Then you will do something like

```
zpaqfranz a /copy/mybackup.zpaq /home/whatever /etc /usr /root
```


----------



## hruodr (May 26, 2021)

What is an indecent zfs backup strategy?


----------



## Alain De Vos (May 26, 2021)

fcorbelli said:


> You can make a *full *backup each hour, forever, if you do not change a lot the data.
> Just take zpaqfranz
> 
> Typically you will use a secondary zfs spinning drive: that's the simpliest approach, just a single crontab line.
> ...



My root shell is zfs. Works fine.
I have toor with oksh just in case


----------



## Menelkir (May 26, 2021)

hruodr said:


> What is an indecent zfs backup strategy?
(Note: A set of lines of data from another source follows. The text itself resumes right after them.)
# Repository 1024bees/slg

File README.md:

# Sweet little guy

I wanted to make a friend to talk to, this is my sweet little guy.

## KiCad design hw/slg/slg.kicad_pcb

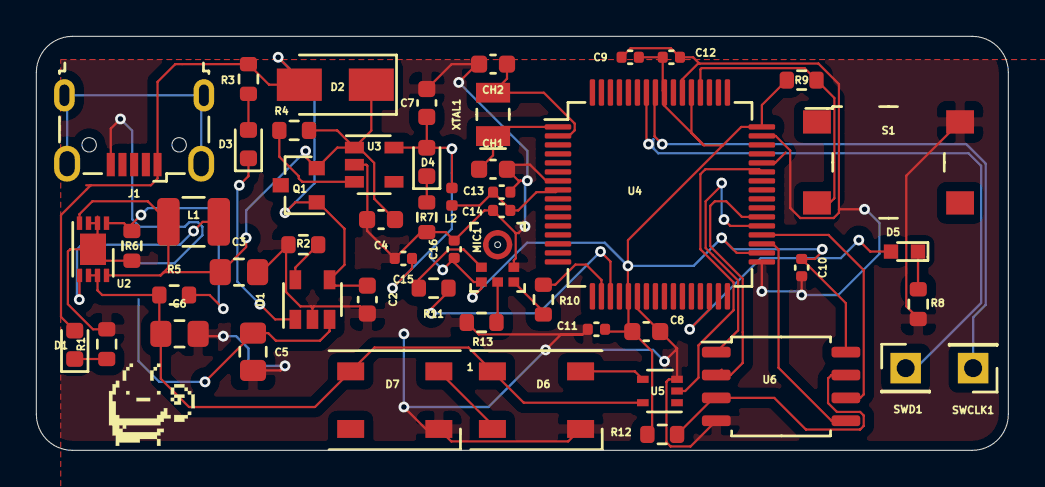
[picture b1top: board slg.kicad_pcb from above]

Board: 4 copper layers, 54.0 x 23.0 mm, 53 parts (1 on the bottom side), 35 nets.

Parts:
C2, C4, C7: 1u; C_0603_1608Metric
C3, C5: 4.7u; C_0805_2012Metric_Pad1.18x1.45mm_HandSolder
C6: 10uF; C_0805_2012Metric_Pad1.18x1.45mm_HandSolder
C8: 4u7; C_0603_1608Metric
C9, C10, C11, C12, C14, C15, C16: 100n; C_0402_1005Metric
C13: 1u; C_0402_1005Metric
CH1, CH2: 15pf; C_0603_1608Metric
D1, D3: RED; LED_0603_1608Metric
D2: B120-E3; D_SMA
D4: GREEN; LED_0603_1608Metric
D5: LTST-C190GKT; LED_0603
D6, D7: WS2812B; LED_WS2812B_PLCC4_5.0x5.0mm_P3.2mm
J1: USB_B_Micro; USB_Micro-B_Wuerth_629105150521
J2: Conn_01x02_Male; JST_PH_B2B-PH-SM4-TB_1x02-1MP_P2.00mm_Vertical
L1: 4.7uH; L_1210_3225Metric
L2: 27n; L_0402_1005Metric
MIC1: SPH0645LM4H-B
Q1: AO3401A; SOT-23
R1, R3, R4, R7: 1k5; R_0603_1608Metric
R2: 2k; R_0603_1608Metric
R5: 976k; R_0603_1608Metric
R6: 309k; R_0603_1608Metric
R8, R9: 10k; R_0603_1608Metric
R10, R11: 25; R_0603_1608Metric
R12, R13: 100k; R_0603_1608Metric
S1: PTS645SM43SMTR92_LFS; Switch_Tactile_SMD_6x6mm_PTS645
SWCLK1: Conn_01x01_Male; PinHeader_1x01_P2.54mm_Vertical
SWD1: Conn_01x01_Male; PinHeader_1x01_P2.54mm_Vertical
U1: MCP73831-2-OT; SOT-23-5
U2: MCP1640BMC; DFN-8-1EP_3x2mm_P0.5mm_EP1.75x1.45mm
U3: AP2112K-3.3; SOT-23-5
U4: ATSAMD51J20A-A; TQFP-64_10x10mm_P0.5mm
U5: SN74LV1T34DCK; SOT-353_SC-70-5
U6: SST25VF080B-50-4x-S2Ax; SOIC-8_5.275x5.275mm_P1.27mm
XTAL1: ECS-_327-12_5-34B-TR; SMD-2_3.2x1.5mm

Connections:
+3.3VA: C13.1, C14.1, L2.2, U4.8
+3V3: C7.1, C8.1, C9.1, C10.1, C11.1, C12.1, C15.1, C16.1, D4.2, L2.1, MIC1.5, R9.1, R12.1, U3.5, U4.21, U4.34, U4.48, U4.53, U4.56, U6.8
+5V: C6.1, D6.1, D7.1, R5.1, U2.6, U2.7, U5.5
/MCU /FLASH_DI: U4.38, U6.2
/MCU /FLASH_DO: U4.35, U6.5
/MCU /FLASH_SCK: U4.36, U6.6
/MCU /I2S_WS: R10.2, U4.18
/Periphals/FLASH_CE: U4.37, U6.1
/Periphals/I2S_BCLK: R11.1, U4.19
/Periphals/LEDIN: U4.43, U5.2
GND: C2.2, C3.2, C4.2, C5.2, C6.2, C7.2, C8.2, C9.2, C10.2, C11.2, C12.2, C13.2, C14.2, C15.2, C16.2, CH1.2, CH2.2, D6.3, D7.3, J1.5, J2.1, MIC1.2, MIC1.3, R1.2, R2.2, R6.2, R7.2, R8.2, R13.1, S1.2, U1.2, U2.2, U2.3, U2.9, U3.2, U4.7, U4.22, U4.33, U4.47, U4.54, U5.3, U6.4
unnamed: D1.1, R1.1
unnamed: D3.1, U1.1
unnamed: D3.2, R3.1
unnamed: D4.1, R7.1
unnamed: D5.1, R8.1
unnamed: D5.2, U4.30
unnamed: D6.2, D7.4
unnamed: D6.4, U5.4
unnamed: L1.2, U2.5
unnamed: MIC1.1, R10.1
unnamed: MIC1.4, R11.2
unnamed: MIC1.6, R13.2
unnamed: R2.1, U1.5
unnamed: R4.1, U3.3
unnamed: R5.2, R6.1, U2.1
unnamed: R12.2, U6.3, U6.7
RESET: R9.2, S1.3, U4.52
SWCLK: SWCLK1.1, U4.57
SWD: SWD1.1, U4.58
VBATT: C5.1, J2.2, U1.3
VIN: C3.1, C4.1, D2.1, L1.1, Q1.2, R4.2, U2.4, U2.8, U3.1
VUSB: C2.1, D1.2, D2.2, J1.1, Q1.1, R3.2, U1.4
XIN32: CH1.1, U4.1, XTAL1.1
XOUT32: CH2.1, U4.2, XTAL1.2

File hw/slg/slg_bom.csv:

"Id";"Designator";"Package";"Quantity";"Designation";"Supplier and ref";
1;"G***";"beefin";1;"LOGO";;;
2;"U6";"SOIC-8_5.275x5.275mm_P1.27mm";1;"SST25VF080B-50-4x-S2Ax";;;
3;"U4";"TQFP-64_10x10mm_P0.5mm";1;"ATSAMD51J20A-A";;;
4;"SWD1,SWCLK1";"PinHeader_1x01_P2.54mm_Vertical";2;"Conn_01x01_Male";;;
5;"J2";"JST_PH_B2B-PH-SM4-TB_1x02-1MP_P2.00mm_Vertical";1;"Conn_01x02_Male";;;
6;"D7,D6";"LED_WS2812B_PLCC4_5.0x5.0mm_P3.2mm";2;"WS2812B";;;
7;"C7,C4,C2";"C_0603_1608Metric";3;"1u";;;
8;"XTAL1";"SMD-2_3.2x1.5mm";1;"ECS-_327-12_5-34B-TR";;;
9;"U5";"SOT-353_SC-70-5";1;"SN74LV1T34DCK";;;
10;"U3";"SOT-23-5";1;"AP2112K-3.3";;;
11;"U2";"DFN-8-1EP_3x2mm_P0.5mm_EP1.75x1.45mm";1;"MCP1640BMC";;;
12;"U1";"SOT-23-5";1;"MCP73831-2-OT";;;
13;"S1";"Switch_Tactile_SMD_6x6mm_PTS645";1;"PTS645SM43SMTR92_LFS";;;
14;"R13,R12";"R_0603_1608Metric";2;"100k";;;
15;"R11,R10";"R_0603_1608Metric";2;"25";;;
16;"R9,R8";"R_0603_1608Metric";2;"10k";;;
17;"R7,R4,R3,R1";"R_0603_1608Metric";4;"1k5";;;
18;"R6";"R_0603_1608Metric";1;"309k";;;
19;"R5";"R_0603_1608Metric";1;"976k";;;
20;"R2";"R_0603_1608Metric";1;"2k";;;
21;"Q1";"SOT-23";1;"AO3401A";;;
22;"MIC1";"SPH0645LM4H-B";1;"SPH0645LM4H-B";;;
23;"L2";"L_0402_1005Metric";1;"27n";;;
24;"L1";"L_1210_3225Metric";1;"4.7uH";;;
25;"J1";"USB_Micro-B_Wuerth_629105150521";1;"USB_B_Micro";;;
26;"D5";"LED_0603";1;"LTST-C190GKT";;;
27;"D4";"LED_0603_1608Metric";1;"GREEN";;;
28;"D3,D1";"LED_0603_1608Metric";2;"RED";;;
29;"D2";"D_SMA";1;"B120-E3";;;
30;"CH2,CH1";"C_0603_1608Metric";2;"15pf";;;
31;"C16,C15,C14,C12,C11,C10,C9";"C_0402_1005Metric";7;"100n";;;
32;"C13";"C_0402_1005Metric";1;"1u";;;
33;"C8";"C_0603_1608Metric";1;"4u7";;;
34;"C6";"C_0805_2012Metric_Pad1.18x1.45mm_HandSolder";1;"10uF";;;
35;"C5,C3";"C_0805_2012Metric_Pad1.18x1.45mm_HandSolder";2;"4.7u";;;

zip -r9 --exclude /mnt /mnt/stuff.zip /


----------



## Deleted member 67440 (May 26, 2021)

Alain De Vos said:


> My root shell is zfs. Works fine.
> I have toor with oksh just in case


Syncoid/sanoid (the scripts I use for zfs replica)

```
Syncoid assumes a bourne style shell on remote hosts. Using (t)csh (the default for root under FreeBSD) will cause syncoid to fail cryptically due to 2>&1 output redirects.

To use syncoid successfully with FreeBSD targets, you must use the chsh command to change the root shell:
root@bsd:~# chsh -s /bin/sh
```

BUT the question is: do you have tried zpaqfranz?


----------



## Alain De Vos (May 27, 2021)

I'm sharing my current solution, although its a bit ugly,
rc.local:

```
/usr/bin/nohup /usr/local/bin/zsh -c "sleep   500;logger clone_daily        ;ls /mnt/ZUSB2_x ;/root/bin/clone_daily"              &
/usr/bin/nohup /usr/local/bin/zsh -c "sleep    60;logger update_ports_source;ls /mnt/ZUSB2_x ;/usr/home/x/poudriere/update_ports_source" &
/usr/bin/nohup /usr/local/bin/zsh -c "sleep   180;logger snapshot_daily     ;ls /mnt/ZUSB2_x ;/root/bin/snapshot_usr_home_daily"  &
/usr/bin/nohup /usr/local/bin/zsh -c "sleep 10800;logger snapshot3h         ;ls /mnt/ZUSB2_x ;/root/bin/snapshot_usr_home_3h"     &
/usr/bin/nohup /usr/local/bin/zsh -c "sleep 32400;logger snapshot9h         ;ls /mnt/ZUSB2_x ;/root/bin/snapshot_usr_home_9h"     &
/usr/bin/nohup /usr/local/bin/zsh -c "sleep 54000;logger snapshot15h        ;ls /mnt/ZUSB2_x ;/root/bin/snapshot_usr_home_15h"    &
/usr/bin/nohup /usr/local/bin/zsh -c "sleep 75600;logger snapshot21h        ;ls /mnt/ZUSB2_x ;/root/bin/snapshot_usr_home_21h"    &
export weekday=`/bin/date | /usr/bin/awk '{print $3 %7 }' `
echo $weekday
if [ "x${weekday}" = "x0" ]
then
/usr/bin/nohup /usr/local/bin/zsh -c "sleep  1000;logger clone_weekly       ;ls /mnt/ZUSB2_x ;/root/bin/clone_weekly"             &
/usr/bin/nohup /usr/local/bin/zsh -c "sleep  2000;logger snapshot_weekly    ;ls /mnt/ZUSB2_x ;/root/bin/snapshot_usr_home_weekly" &
fi
```
The purpose of the "ls" is to wake up a sleeping usb drive.


----------



## Deleted member 67440 (May 28, 2021)

For the /home you can easilly do a

```
zpaqfranz a /mnt/ZUSB2_x/mycopyofthehome.zpaq /home
```

For entire /usr (so with /usr/local/etc)

```
zpaqfranz a /mnt/ZUSB2_x/mycopyofusr.zpaq /usr
```

With a crontab every hour or whatever
Probably a 3/5 minute run
That's all

If you want to do something better (for any open files) you can create an ad hoc snapshot (say @franco), do the zpaqfranz from there, and then destroy it.
Indeed, in general, the opposite is even better
- destroy the backup snapshot
- create it
- backup

That way you have one more snapshot


----------



## rootbert (May 28, 2021)

I have not tried zpaqfranz, it is not in ports and I do not want to fiddle around with external software if I can avoid it.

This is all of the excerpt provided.